UX Design for Esports Analytics

A complete Dota 2 analytics user experience for players at all skill levels. We focused on designing usable, attractive, and interactive elements to engage a new population of Dota 2 players. This project was completed in the course of one month for VPGame.


Dota 2 is an Esport which attracts players from all corners of the world to compete as a team of 5. The game holds dozens of tournaments each year with prize pools that can be as much as $25 million for one tournament! Enthusiasts of the game use Dota 2 analytics websites to track their game statistics and identify information relevant to helping them improve.

VPGame wanted to break into the Dota 2 analytics market, attracting players from different regions and skill levels. There are currently several Dota 2 analytics tools available, with only a few capturing majority of the market share. Our goal was to create an engaing user experience that would entice players to try our tool.

UX Process

Figure 1. Design process overview.

Acting as the product lead, I drove the UX process for our team of three: constant communication, leading UX research, being a mentor, sketching, designing interfaces, guerilla usability testing, and UI design.


Requirements Gathering

We began our project by doing stakeholder interviews to get a complete sense of who our stakeholders are and their expectations for this project. This set a precedent where we lay out our plan and the people invested in the product know what to expect; there are no surprises when we deliver milestones throughout our projects. We also made an effort to reach out to our development team to start building chemistry and understanding how they expect to receive designs and what works for them. Understanding both the business and engineering constraints and getting everyone on the same page is essential to starting a successful project.


Considering we only had one month to give a completely designed system, we had to be FAST with our user research. We utilized a survey and user interviews to generate information to create a persona detailing who are target users are, their wants, and their needs. Our research on Dota 2 players helped focus our design around creating an interactive analytics tool and something we call a player snapshot which quickly gives a visual data summary of who a player is in the game.

Figure 2. An example of one of our initial personas.


Competitive Analysis

Having a good idea of the ideal product for our business, we wanted to understand the product landscape surrounding esports analytics tools. We surveyed several direct competitors tools and a few indirect tools (traditional sports analytics) to get a better idea of what the target market is currently using. This is extremely helpful in seeing what is most successful for an intended audience and generating questions surrounding the pain points of current usage.

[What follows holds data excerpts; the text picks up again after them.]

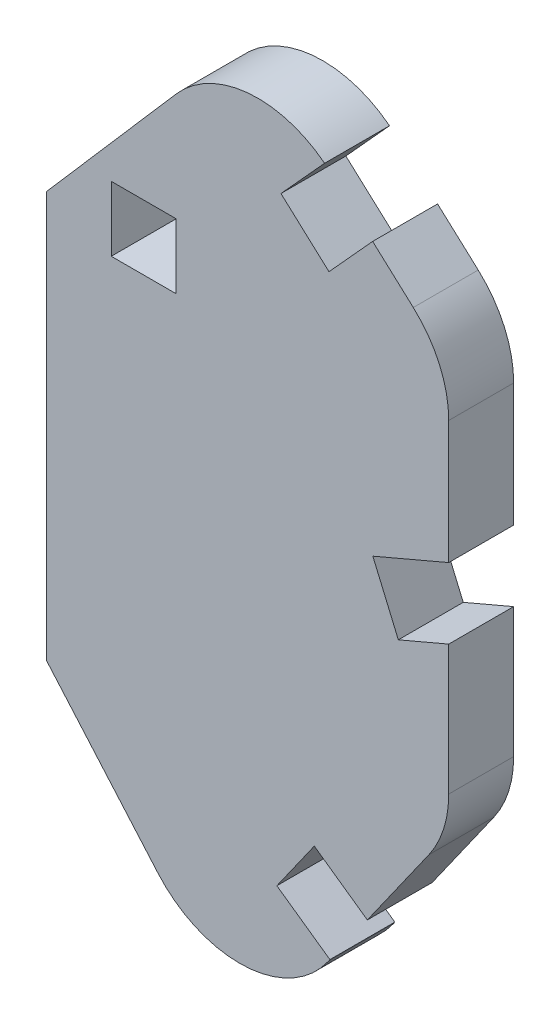
from build123d import *

# Parameters (mm, degrees)
SKETCH1_W           = 1.524
SKETCH1_H           = 1.524
BOSS_EXTRUDE1_DEPTH = 1.524
FILLET1_R           = 2.54


with BuildPart() as part:
    # Sketch1 → Boss-Extrude1 (new body)
    with BuildSketch(Plane.XY):
        Polygon((1.524, -10.497308023), (1.524, -0.972308023), (6.269557814, 4.493617922), (8.055541686, 2.871017969), (7.030741716, 1.743028155), (8.158731531, 0.718228185), (9.183531501, 1.846217999), (10.969515373, 0.223618046), (10.969515373, -3.789821466), (9.188202018, -4.549828763), (9.786265437, -5.951576297), (10.969515373, -5.446736099), (10.969515373, -9.301381954), (9.058811588, -12.009667231), (7.813530127, -11.131117242), (6.934980138, -12.376398702), (8.180261599, -13.254948692), (6.269557814, -15.963233969), align=None)
        with Locations((3.81, -0.762)):
            Rectangle(SKETCH1_W, SKETCH1_H, mode=Mode.SUBTRACT)
    extrude(amount=BOSS_EXTRUDE1_DEPTH)

    # Fillet1
    # the kernel refuses this fillet: 2.54 mm, written as the material it takes off along each edge
    with BuildSketch(Plane(origin=(6.269557814, 4.493617922, -6.477892314), x_dir=(-0.6555947155448552, -0.7551129511203344, 0), z_dir=(0, 0, 1))) as fillet1_piece_1:
        with BuildLine():
            CenterArc((2.591156926, 2.54), FILLET1_R, 182.87981761, 87.12018239)
            Line((0.05436465, 2.412387507), (0.003628804, 2.409835257))
            ThreePointArc((0.003628804, 2.409835257), (-0.023604781, 1.207338273), (-0.050787105, 0.001144519))
            Line((-0.050787105, 0.001144519), (0, -0.0508))
            Line((0, -0.0508), (2.591156926, -0.0508))
            Line((2.591156926, -0.0508), (2.591156926, 0))
        make_face()
    extrude(amount=14.479784629, mode=Mode.SUBTRACT)
    with BuildSketch(Plane(origin=(10.969515373, 0.223618046, -2.81023831), x_dir=(-0.7401507968211615, 0.6724409252603532, 0), z_dir=(0, 0, 1))) as fillet1_piece_2:
        with BuildLine():
            CenterArc((FILLET1_R * 0.442557214214, FILLET1_R), FILLET1_R, 222.255737271, 47.744262729)
            Line((-FILLET1_R * 0.297593582607, FILLET1_R * 0.32755907474), (-FILLET1_R * 0.312396598543, FILLET1_R * 0.314110256234))
            Line((-FILLET1_R * 0.312396598543, FILLET1_R * 0.314110256234), (-FILLET1_R * 0.00885114428429, -FILLET1_R * 0.02))
            Line((-FILLET1_R * 0.00885114428429, -FILLET1_R * 0.02), (FILLET1_R * 0.442557214214, -FILLET1_R * 0.02))
            Line((FILLET1_R * 0.442557214214, -FILLET1_R * 0.02), (FILLET1_R * 0.442557214214, 0))
        make_face()
    extrude(amount=7.144476621, mode=Mode.SUBTRACT)
    with BuildSketch(Plane(origin=(10.969515373, -9.301381954, -2.014527057), x_dir=(0, 1, 0), z_dir=(0, 0, 1))) as fillet1_piece_3:
        with BuildLine():
            CenterArc((FILLET1_R * 0.317248355422, FILLET1_R), FILLET1_R, 234.796910959, 35.203089041)
            Line((-FILLET1_R * 0.259228015403, FILLET1_R * 0.182886180584), (-FILLET1_R * 0.270757542819, FILLET1_R * 0.166543904196))
            Line((-FILLET1_R * 0.270757542819, FILLET1_R * 0.166543904196), (-FILLET1_R * 0.00634496710845, -FILLET1_R * 0.02))
            Line((-FILLET1_R * 0.00634496710845, -FILLET1_R * 0.02), (FILLET1_R * 0.317248355422, -FILLET1_R * 0.02))
            Line((FILLET1_R * 0.317248355422, -FILLET1_R * 0.02), (FILLET1_R * 0.317248355422, 0))
        make_face()
    extrude(amount=5.553054114, mode=Mode.SUBTRACT)
    with BuildSketch(Plane(origin=(6.269557814, -15.963233969, -8.10313634), x_dir=(0.5764763708249786, 0.8171138194159133, 0), z_dir=(0, 0, 1))) as fillet1_piece_4:
        with BuildLine():
            CenterArc((FILLET1_R * 1.27608446293, FILLET1_R), FILLET1_R, 166.167848872, 103.832151128)
            Line((FILLET1_R * 0.305084187293, FILLET1_R * 1.23907836523), (FILLET1_R * 0.28566418178, FILLET1_R * 1.24385993254))
            Line((FILLET1_R * 0.28566418178, FILLET1_R * 1.24385993254), (-FILLET1_R * 0.0255216892585, -FILLET1_R * 0.02))
            Line((-FILLET1_R * 0.0255216892585, -FILLET1_R * 0.02), (FILLET1_R * 1.27608446293, -FILLET1_R * 0.02))
            Line((FILLET1_R * 1.27608446293, -FILLET1_R * 0.02), (FILLET1_R * 1.27608446293, 0))
        make_face()
    extrude(amount=17.730272679, mode=Mode.SUBTRACT)


solid = part.part
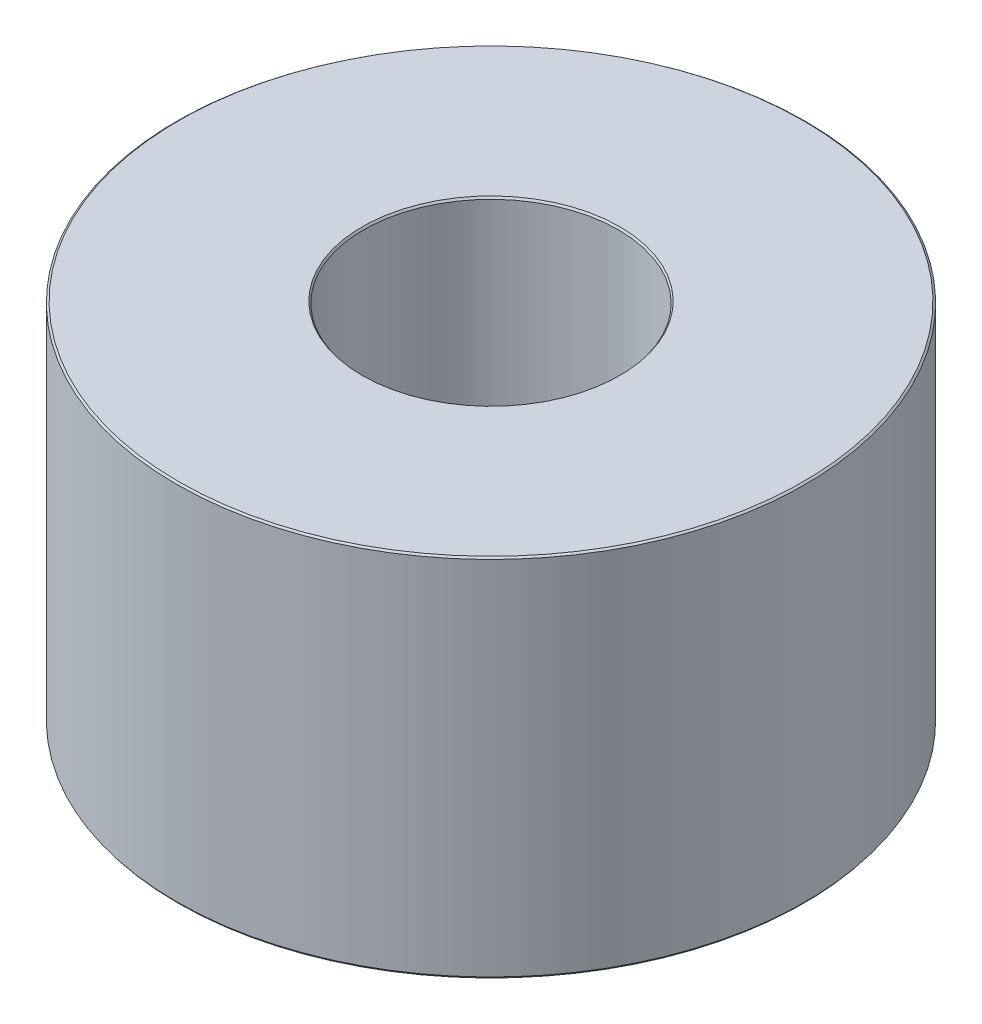
from build123d import *
from OCP.BRepFilletAPI import BRepFilletAPI_MakeChamfer

# Parameters (mm, degrees)
SKETCH1_R           = 47.5
BOSS_EXTRUDE1_DEPTH = 55.128628039
SKETCH2_R           = 19.250510028
CUT_EXTRUDE1_DEPTH  = 87.900320077
CHAMFER1_SIZE       = 0.215353887
CHAMFER1_SIZE2      = 0.288203318


with BuildPart() as part:
    # Sketch1 → Boss-Extrude1 (new body)
    with BuildSketch(Plane(origin=(0, 0, 0), x_dir=(1, 0, 0), z_dir=(0, 1, 0))):
        Circle(SKETCH1_R)
    extrude(amount=BOSS_EXTRUDE1_DEPTH)

    # Sketch2 → Cut-Extrude1 (cut, through all)
    with BuildSketch(Plane(origin=(0, 0, 0), x_dir=(1, 0, 0), z_dir=(0, 1, 0))):
        Circle(SKETCH2_R)
    extrude(amount=CUT_EXTRUDE1_DEPTH, mode=Mode.SUBTRACT)

    # Chamfer1: one chamfer whose edges measure the first distance from different faces: ONE call of the kernel's chamfer builder (chamfer() names one face for all edges)
    chamfer1_edges_1 = [part.edges().sort_by_distance(p)[0] for p in [
        (-19.250510028, 55.128628039, 0),
    ]]
    chamfer1_side_1 = [part.faces().sort_by_distance(p)[0] for p in [
        (-46.156497116, 55.128628039, 0),
    ]]
    chamfer1_edges_2 = [part.edges().sort_by_distance(p)[0] for p in [
        (-19.250510028, 0, 0),
    ]]
    chamfer1_side_2 = [part.faces().sort_by_distance(p)[0] for p in [
        (-19.250510028, 27.564314019, 0),
    ]]
    chamfer1_edges_3 = [part.edges().sort_by_distance(p)[0] for p in [
        (-47.5, 0, 0),
    ]]
    chamfer1_side_3 = [part.faces().sort_by_distance(p)[0] for p in [
        (-46.156497116, 0, 0),
    ]]
    chamfer1_edges_4 = [part.edges().sort_by_distance(p)[0] for p in [
        (-47.5, 55.128628039, 0),
    ]]
    chamfer1_side_4 = [part.faces().sort_by_distance(p)[0] for p in [
        (-47.5, 27.564314019, 0),
    ]]
    chamfer1 = BRepFilletAPI_MakeChamfer(part.part.solid().wrapped)
    for e in chamfer1_edges_1:
        chamfer1.Add(CHAMFER1_SIZE, CHAMFER1_SIZE2, e.wrapped, chamfer1_side_1[0].wrapped)  # the first distance lies on this face
    for e in chamfer1_edges_2:
        chamfer1.Add(CHAMFER1_SIZE, CHAMFER1_SIZE2, e.wrapped, chamfer1_side_2[0].wrapped)  # the first distance lies on this face
    for e in chamfer1_edges_3:
        chamfer1.Add(CHAMFER1_SIZE, CHAMFER1_SIZE2, e.wrapped, chamfer1_side_3[0].wrapped)  # the first distance lies on this face
    for e in chamfer1_edges_4:
        chamfer1.Add(CHAMFER1_SIZE, CHAMFER1_SIZE2, e.wrapped, chamfer1_side_4[0].wrapped)  # the first distance lies on this face
    add(Compound.cast(chamfer1.Shape()), mode=Mode.REPLACE)


solid = part.part

Figure 3. Screenshot of a competitive analysis being created.


As a UX designer you want to always be sketching! In fact, this is something we do every day as a group in my team at VPGame. This helps you quickly get ideas out and shared with everybody around you. For this project in particular, we utilized the Bill Buxton 10×10 method to get our most important page underway.

As I gained experience in my role, I started to understand that while I saw sketching as foundation to UX Design, my stakeholders did not. I needed to quickly adjust my strategy to rally my stakeholders around me as a project lead and boost their confidence. After some more conversations about some of their previous projects, I began to understand they valued digital wireframes very highly.

Figure 4. Early Analytics Dashboard Sketches.



Translating sketches to wireframes helps you start to think about how you can adapt ideas to the constraints of what devices your users have. In our case, our primary users were young males who love to game and generally view analytics on their Windows 10 desktop.

We were able to quickly transfer our sketches to digital wireframes and get them onto the screens of our stakeholders. This gave them further confidence and another ‘buy-in’ to where the project was going. Now we wanted to ensure our users would get an experience that they found easy to use and would enjoy.

Figure 4. Initial Digital Wireframes.


At this point in the process we had roughly 10 days left. We decided that some usability testing was better than nothing. We brought in a convenience sample of 3 Dota players to go through a usability test of our digital prototype. Most of our users were able to complete each task, but a few in particular challenged our participants. Critical pain points led to a new design solution. Our largest finding came forth when debriefing with participants. What we found was more of a foundational revelation in the data we were showing. Our users wanted to see their lifetime stats for their entire Dota 2 career and we co-designed a few ways to show this information.

0 = task failure, 1 = task completed with difficulty, 2 = task completed with ease.


Closing in on the last week before our deadline, we needed to ship this product and it needed to look good. After defining our typography and color palette, we went full force into designing our first iterations of our analytics tool.

Figure 6. First iteration of Dota Analytics design.

After several reviews and presentations, we arrived at something our users and our stakeholders were ultimately satisfied with.

Figure 6. Final design iteration.


Ultimately the Chinese team is using this tool to evaluate up and coming Dota 2 players. The team is looking to test and improve the tool as Dota grows and changes.